Photo credit: RavennaToday

(come riportato da Cristina Ceresa su Edilizia e Territorio)

Nel 2018 prodotte in Italia 30 milioni di tonnellate di conglomerato (+12%)

Sono sempre più resilienti al traffico e alle intemperie. Sono in grado di drenare, resistere alle temperature estreme, assorbire il rumore e anche l’inquinamento. Se ne fanno colorati e soprattutto di materia prima seconda, ovvero che nascono dagli scarti come quello brevettato da Iterchimica, composto da plastica speciale proveniente da raccolta riciclata.
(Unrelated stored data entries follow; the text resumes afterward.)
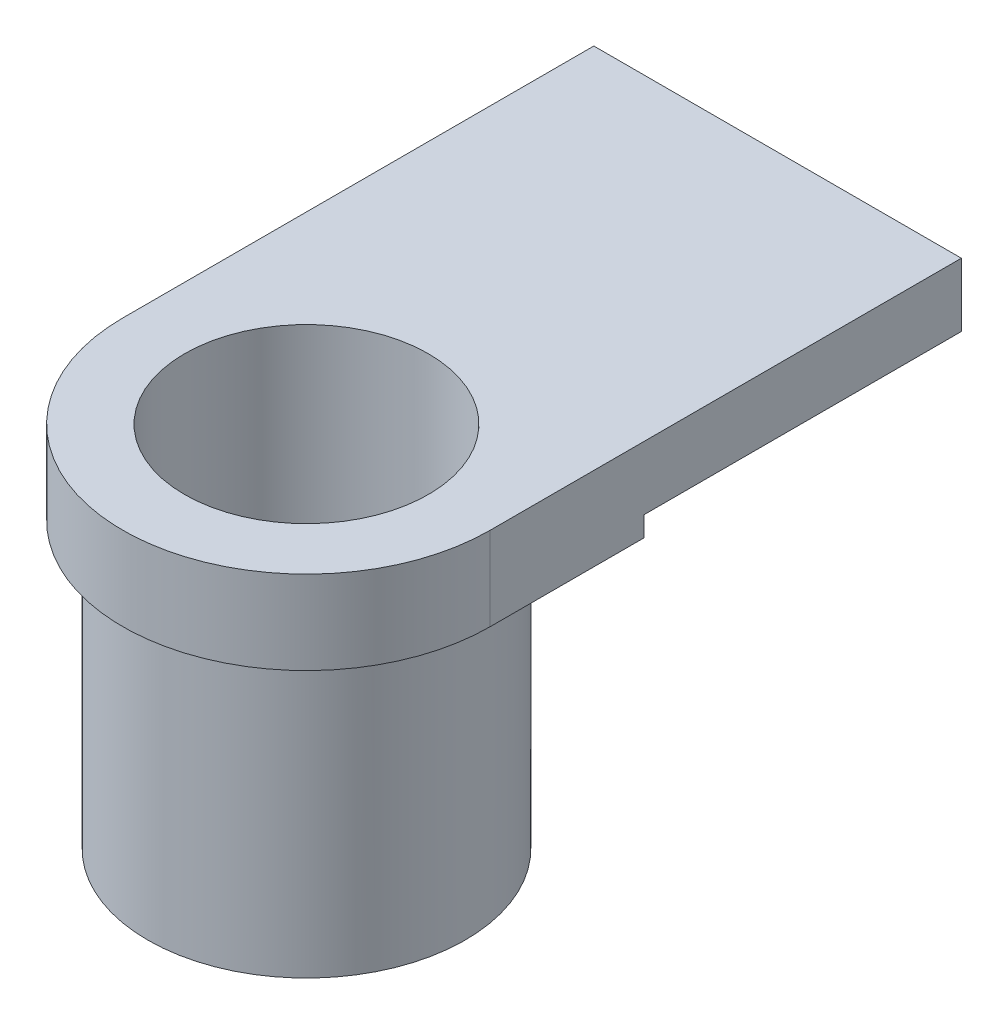
ISO-10303-21;
HEADER;
FILE_DESCRIPTION(('STEP AP214'),'2;1');
FILE_NAME('part.step','',(''),(''),'','','');
FILE_SCHEMA(('AUTOMOTIVE_DESIGN { 1 0 10303 214 1 1 1 1 }'));
ENDSEC;
DATA;
#1=APPLICATION_CONTEXT('core data for automotive mechanical design processes');
#2=APPLICATION_PROTOCOL_DEFINITION('international standard','automotive_design',2000,#1);
#3=PRODUCT_CONTEXT('',#1,'mechanical');
#4=PRODUCT('Part','Part','',(#3));
#5=PRODUCT_RELATED_PRODUCT_CATEGORY('part','',(#4));
#6=PRODUCT_DEFINITION_FORMATION('','',#4);
#7=PRODUCT_DEFINITION_CONTEXT('part definition',#1,'design');
#8=PRODUCT_DEFINITION('design','',#6,#7);
#9=PRODUCT_DEFINITION_SHAPE('','',#8);
#10=(LENGTH_UNIT() NAMED_UNIT(*) SI_UNIT(.MILLI.,.METRE.));
#11=(NAMED_UNIT(*) PLANE_ANGLE_UNIT() SI_UNIT($,.RADIAN.));
#12=(NAMED_UNIT(*) SI_UNIT($,.STERADIAN.) SOLID_ANGLE_UNIT());
#13=UNCERTAINTY_MEASURE_WITH_UNIT(LENGTH_MEASURE(1.E-05),#10,'distance_accuracy_value','');
#14=(GEOMETRIC_REPRESENTATION_CONTEXT(3) GLOBAL_UNCERTAINTY_ASSIGNED_CONTEXT((#13)) GLOBAL_UNIT_ASSIGNED_CONTEXT((#10,
#11,#12)) REPRESENTATION_CONTEXT('',''));
#15=CARTESIAN_POINT('',(0.,0.,0.));
#16=DIRECTION('',(0.,0.,1.));
#17=DIRECTION('',(1.,0.,0.));
#18=AXIS2_PLACEMENT_3D('',#15,#16,#17);
#19=CARTESIAN_POINT('',(0.,2.,0.));
#20=DIRECTION('',(0.,1.,0.));
#21=DIRECTION('',(0.,0.,1.));
#22=AXIS2_PLACEMENT_3D('',#19,#20,#21);
#23=PLANE('',#22);
#24=DIRECTION('',(1.,0.,0.));
#25=VECTOR('',#24,1.);
#26=CARTESIAN_POINT('',(0.,2.,-2.17157776731161));
#27=LINE('',#26,#25);
#28=CARTESIAN_POINT('',(1.02816901408451,2.,-2.17157776731161));
#29=VERTEX_POINT('',#28);
#30=CARTESIAN_POINT('',(2.93372629952385,2.,-2.17157776731161));
#31=VERTEX_POINT('',#30);
#32=EDGE_CURVE('E126',#29,#31,#27,.T.);
#33=ORIENTED_EDGE('',*,*,#32,.T.);
#34=CARTESIAN_POINT('',(0.,2.,0.));
#35=DIRECTION('',(0.,1.,0.));
#36=DIRECTION('',(0.,0.,1.));
#37=AXIS2_PLACEMENT_3D('',#34,#35,#36);
#38=CIRCLE('',#37,3.65);
#39=CARTESIAN_POINT('',(-2.93372629952385,2.,-2.17157776731161));
#40=VERTEX_POINT('',#39);
#41=EDGE_CURVE('E45',#31,#40,#38,.T.);
#42=ORIENTED_EDGE('',*,*,#41,.T.);
#43=DIRECTION('',(1.,0.,0.));
#44=VECTOR('',#43,1.);
#45=CARTESIAN_POINT('',(0.,2.,-2.17157776731161));
#46=LINE('',#45,#44);
#47=CARTESIAN_POINT('',(-1.02816901408451,2.,-2.17157776731161));
#48=VERTEX_POINT('',#47);
#49=EDGE_CURVE('E132',#40,#48,#46,.T.);
#50=ORIENTED_EDGE('',*,*,#49,.T.);
#51=DIRECTION('',(0.,0.,1.));
#52=VECTOR('',#51,1.);
#53=CARTESIAN_POINT('',(-1.02816901408451,2.,0.));
#54=LINE('',#53,#52);
#55=CARTESIAN_POINT('',(-1.02816901408451,2.,2.17157776731161));
#56=VERTEX_POINT('',#55);
#57=EDGE_CURVE('E61',#48,#56,#54,.T.);
#58=ORIENTED_EDGE('',*,*,#57,.T.);
#59=DIRECTION('',(1.,0.,0.));
#60=VECTOR('',#59,1.);
#61=CARTESIAN_POINT('',(0.,2.,2.17157776731161));
#62=LINE('',#61,#60);
#63=CARTESIAN_POINT('',(-2.93372629952385,2.,2.17157776731161));
#64=VERTEX_POINT('',#63);
#65=EDGE_CURVE('E121',#64,#56,#62,.T.);
#66=ORIENTED_EDGE('',*,*,#65,.F.);
#67=CARTESIAN_POINT('',(2.93372629952385,2.,2.17157776731161));
#68=VERTEX_POINT('',#67);
#69=EDGE_CURVE('E130',#64,#68,#38,.T.);
#70=ORIENTED_EDGE('',*,*,#69,.T.);
#71=DIRECTION('',(1.,0.,0.));
#72=VECTOR('',#71,1.);
#73=CARTESIAN_POINT('',(0.,2.,2.17157776731161));
#74=LINE('',#73,#72);
#75=CARTESIAN_POINT('',(1.02816901408451,2.,2.17157776731161));
#76=VERTEX_POINT('',#75);
#77=EDGE_CURVE('E116',#76,#68,#74,.T.);
#78=ORIENTED_EDGE('',*,*,#77,.F.);
#79=DIRECTION('',(0.,0.,1.));
#80=VECTOR('',#79,1.);
#81=CARTESIAN_POINT('',(1.02816901408451,2.,0.));
#82=LINE('',#81,#80);
#83=EDGE_CURVE('E124',#29,#76,#82,.T.);
#84=ORIENTED_EDGE('',*,*,#83,.F.);
#85=EDGE_LOOP('',(#33,#42,#50,#58,#66,#70,#78,#84));
#86=FACE_BOUND('',#85,.T.);
#87=ADVANCED_FACE('F37',(#86),#23,.T.);
#88=CARTESIAN_POINT('',(0.,2.,-2.17157776731161));
#89=DIRECTION('',(0.,0.,-1.));
#90=DIRECTION('',(-1.,0.,0.));
#91=AXIS2_PLACEMENT_3D('',#88,#89,#90);
#92=PLANE('',#91);
#93=DIRECTION('',(1.,0.,0.));
#94=VECTOR('',#93,1.);
#95=CARTESIAN_POINT('',(0.,0.,-2.17157776731161));
#96=LINE('',#95,#94);
#97=CARTESIAN_POINT('',(-2.93372629952385,0.,-2.17157776731161));
#98=VERTEX_POINT('',#97);
#99=CARTESIAN_POINT('',(-1.02816901408451,0.,-2.17157776731161));
#100=VERTEX_POINT('',#99);
#101=EDGE_CURVE('E194',#98,#100,#96,.T.);
#102=ORIENTED_EDGE('',*,*,#101,.T.);
#103=DIRECTION('',(0.,-1.,0.));
#104=VECTOR('',#103,1.);
#105=CARTESIAN_POINT('',(-1.02816901408451,2.,-2.17157776731161));
#106=LINE('',#105,#104);
#107=EDGE_CURVE('E159',#48,#100,#106,.T.);
#108=ORIENTED_EDGE('',*,*,#107,.F.);
#109=ORIENTED_EDGE('',*,*,#49,.F.);
#110=DIRECTION('',(0.,-1.,0.));
#111=VECTOR('',#110,1.);
#112=CARTESIAN_POINT('',(-2.93372629952385,2.,-2.17157776731161));
#113=LINE('',#112,#111);
#114=EDGE_CURVE('E95',#40,#98,#113,.T.);
#115=ORIENTED_EDGE('',*,*,#114,.T.);
#116=EDGE_LOOP('',(#102,#108,#109,#115));
#117=FACE_BOUND('',#116,.T.);
#118=ADVANCED_FACE('F209',(#117),#92,.F.);
#119=CARTESIAN_POINT('',(-1.02816901408451,2.,0.));
#120=DIRECTION('',(1.,0.,0.));
#121=DIRECTION('',(0.,0.,-1.));
#122=AXIS2_PLACEMENT_3D('',#119,#120,#121);
#123=PLANE('',#122);
#124=DIRECTION('',(0.,0.,1.));
#125=VECTOR('',#124,1.);
#126=CARTESIAN_POINT('',(-1.02816901408451,0.,0.));
#127=LINE('',#126,#125);
#128=CARTESIAN_POINT('',(-1.02816901408451,0.,2.17157776731161));
#129=VERTEX_POINT('',#128);
#130=EDGE_CURVE('E196',#100,#129,#127,.T.);
#131=ORIENTED_EDGE('',*,*,#130,.T.);
#132=DIRECTION('',(0.,-1.,0.));
#133=VECTOR('',#132,1.);
#134=CARTESIAN_POINT('',(-1.02816901408451,2.,2.17157776731161));
#135=LINE('',#134,#133);
#136=EDGE_CURVE('E144',#56,#129,#135,.T.);
#137=ORIENTED_EDGE('',*,*,#136,.F.);
#138=ORIENTED_EDGE('',*,*,#57,.F.);
#139=ORIENTED_EDGE('',*,*,#107,.T.);
#140=EDGE_LOOP('',(#131,#137,#138,#139));
#141=FACE_BOUND('',#140,.T.);
#142=ADVANCED_FACE('F208',(#141),#123,.F.);
#143=CARTESIAN_POINT('',(0.,2.,2.17157776731161));
#144=DIRECTION('',(0.,0.,-1.));
#145=DIRECTION('',(-1.,0.,0.));
#146=AXIS2_PLACEMENT_3D('',#143,#144,#145);
#147=PLANE('',#146);
#148=DIRECTION('',(1.,0.,0.));
#149=VECTOR('',#148,1.);
#150=CARTESIAN_POINT('',(0.,0.,2.17157776731161));
#151=LINE('',#150,#149);
#152=CARTESIAN_POINT('',(-2.93372629952385,0.,2.17157776731161));
#153=VERTEX_POINT('',#152);
#154=EDGE_CURVE('E199',#153,#129,#151,.T.);
#155=ORIENTED_EDGE('',*,*,#154,.F.);
#156=DIRECTION('',(0.,-1.,0.));
#157=VECTOR('',#156,1.);
#158=CARTESIAN_POINT('',(-2.93372629952385,2.,2.17157776731161));
#159=LINE('',#158,#157);
#160=EDGE_CURVE('E142',#64,#153,#159,.T.);
#161=ORIENTED_EDGE('',*,*,#160,.F.);
#162=ORIENTED_EDGE('',*,*,#65,.T.);
#163=ORIENTED_EDGE('',*,*,#136,.T.);
#164=EDGE_LOOP('',(#155,#161,#162,#163));
#165=FACE_BOUND('',#164,.T.);
#166=ADVANCED_FACE('F219',(#165),#147,.T.);
#167=CARTESIAN_POINT('',(1.02816901408451,2.,0.));
#168=DIRECTION('',(1.,0.,0.));
#169=DIRECTION('',(0.,0.,-1.));
#170=AXIS2_PLACEMENT_3D('',#167,#168,#169);
#171=PLANE('',#170);
#172=DIRECTION('',(0.,0.,1.));
#173=VECTOR('',#172,1.);
#174=CARTESIAN_POINT('',(1.02816901408451,0.,0.));
#175=LINE('',#174,#173);
#176=CARTESIAN_POINT('',(1.02816901408451,0.,-2.17157776731161));
#177=VERTEX_POINT('',#176);
#178=CARTESIAN_POINT('',(1.02816901408451,0.,2.17157776731161));
#179=VERTEX_POINT('',#178);
#180=EDGE_CURVE('E181',#177,#179,#175,.T.);
#181=ORIENTED_EDGE('',*,*,#180,.F.);
#182=DIRECTION('',(0.,-1.,0.));
#183=VECTOR('',#182,1.);
#184=CARTESIAN_POINT('',(1.02816901408451,2.,-2.17157776731161));
#185=LINE('',#184,#183);
#186=EDGE_CURVE('E103',#29,#177,#185,.T.);
#187=ORIENTED_EDGE('',*,*,#186,.F.);
#188=ORIENTED_EDGE('',*,*,#83,.T.);
#189=DIRECTION('',(0.,-1.,0.));
#190=VECTOR('',#189,1.);
#191=CARTESIAN_POINT('',(1.02816901408451,2.,2.17157776731161));
#192=LINE('',#191,#190);
#193=EDGE_CURVE('E113',#76,#179,#192,.T.);
#194=ORIENTED_EDGE('',*,*,#193,.T.);
#195=EDGE_LOOP('',(#181,#187,#188,#194));
#196=FACE_BOUND('',#195,.T.);
#197=ADVANCED_FACE('F39',(#196),#171,.T.);
#198=CARTESIAN_POINT('',(0.,2.,-2.17157776731161));
#199=DIRECTION('',(0.,0.,-1.));
#200=DIRECTION('',(-1.,0.,0.));
#201=AXIS2_PLACEMENT_3D('',#198,#199,#200);
#202=PLANE('',#201);
#203=DIRECTION('',(1.,0.,0.));
#204=VECTOR('',#203,1.);
#205=CARTESIAN_POINT('',(0.,0.,-2.17157776731161));
#206=LINE('',#205,#204);
#207=CARTESIAN_POINT('',(2.93372629952385,0.,-2.17157776731161));
#208=VERTEX_POINT('',#207);
#209=EDGE_CURVE('E176',#177,#208,#206,.T.);
#210=ORIENTED_EDGE('',*,*,#209,.T.);
#211=DIRECTION('',(0.,-1.,0.));
#212=VECTOR('',#211,1.);
#213=CARTESIAN_POINT('',(2.93372629952385,2.,-2.17157776731161));
#214=LINE('',#213,#212);
#215=EDGE_CURVE('E160',#31,#208,#214,.T.);
#216=ORIENTED_EDGE('',*,*,#215,.F.);
#217=ORIENTED_EDGE('',*,*,#32,.F.);
#218=ORIENTED_EDGE('',*,*,#186,.T.);
#219=EDGE_LOOP('',(#210,#216,#217,#218));
#220=FACE_BOUND('',#219,.T.);
#221=ADVANCED_FACE('F175',(#220),#202,.F.);
#222=CARTESIAN_POINT('',(0.,2.,0.));
#223=DIRECTION('',(0.,-1.,0.));
#224=DIRECTION('',(0.,0.,-1.));
#225=AXIS2_PLACEMENT_3D('',#222,#223,#224);
#226=CYLINDRICAL_SURFACE('',#225,3.65);
#227=CARTESIAN_POINT('',(0.,0.,0.));
#228=DIRECTION('',(0.,1.,0.));
#229=DIRECTION('',(0.,0.,1.));
#230=AXIS2_PLACEMENT_3D('',#227,#228,#229);
#231=CIRCLE('',#230,3.65);
#232=EDGE_CURVE('E192',#98,#153,#231,.T.);
#233=ORIENTED_EDGE('',*,*,#232,.F.);
#234=ORIENTED_EDGE('',*,*,#114,.F.);
#235=ORIENTED_EDGE('',*,*,#41,.F.);
#236=ORIENTED_EDGE('',*,*,#215,.T.);
#237=CARTESIAN_POINT('',(2.93372629952385,0.,2.17157776731161));
#238=VERTEX_POINT('',#237);
#239=EDGE_CURVE('E182',#238,#208,#231,.T.);
#240=ORIENTED_EDGE('',*,*,#239,.F.);
#241=DIRECTION('',(0.,-1.,0.));
#242=VECTOR('',#241,1.);
#243=CARTESIAN_POINT('',(2.93372629952385,2.,2.17157776731161));
#244=LINE('',#243,#242);
#245=EDGE_CURVE('E120',#68,#238,#244,.T.);
#246=ORIENTED_EDGE('',*,*,#245,.F.);
#247=ORIENTED_EDGE('',*,*,#69,.F.);
#248=ORIENTED_EDGE('',*,*,#160,.T.);
#249=EDGE_LOOP('',(#233,#234,#235,#236,#240,#246,#247,#248));
#250=FACE_BOUND('',#249,.T.);
#251=CARTESIAN_POINT('',(0.,11.,0.));
#252=DIRECTION('',(0.,1.,0.));
#253=DIRECTION('',(0.,0.,1.));
#254=AXIS2_PLACEMENT_3D('',#251,#252,#253);
#255=CIRCLE('',#254,3.65);
#256=CARTESIAN_POINT('',(0.,11.,3.65));
#257=VERTEX_POINT('',#256);
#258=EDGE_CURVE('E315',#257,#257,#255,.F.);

Sono gli asfalti 4.0 che escono dai centri di ricerca, anche italiani, per finire sulla strada. Che poi è lì che devono stare: non solo per tappare le buche di oggi, ma anche per preparare la rete stradale italiana per le auto del futuro «quelle che saranno in grado di leggere lo stato del mantello stradale – spiega Michele Turrini, presidente della Siteb, Associazione che riunisce gli addetti ai lavori della pavimentazione – per regolare la guida e renderla sicura».

Il reticolato stradale italiano, che in tutto misura 600mila chilometri, deve quindi prepararsi al futuro. Di questi Anas ne gestisce circa 30mila chilometri – di cui 5.900 chilometri di autostrade. Secondo la Siteb sono proprio i km di competenza Anas quelli dove si è tornati a fare maggiore manutenzione, mentre mancano all’appello le strade comunali e provinciali.

Ma ciò basta perché nei primi sei mesi di questo 2019 si possa parlare di una crescita del 20% della produzione di asfalto (conglomerato bituminoso) che è il principale indicatore dello stato di manutenzione delle strade. «Già il 2018 aveva fatto registrare un buon trend con una crescita del 12% pari a 30 milioni di tonnellate di conglomerato.

Il che equivale a 3 miliardi di euro di fatturato – afferma Turrini – anche se siamo ancora ben lontani dai valori del pre-crisi, quando, nel 2006, sulle nostre strade venivano impiegate 44 milioni di tonnellate che garantivano reti efficienti e in sicurezza».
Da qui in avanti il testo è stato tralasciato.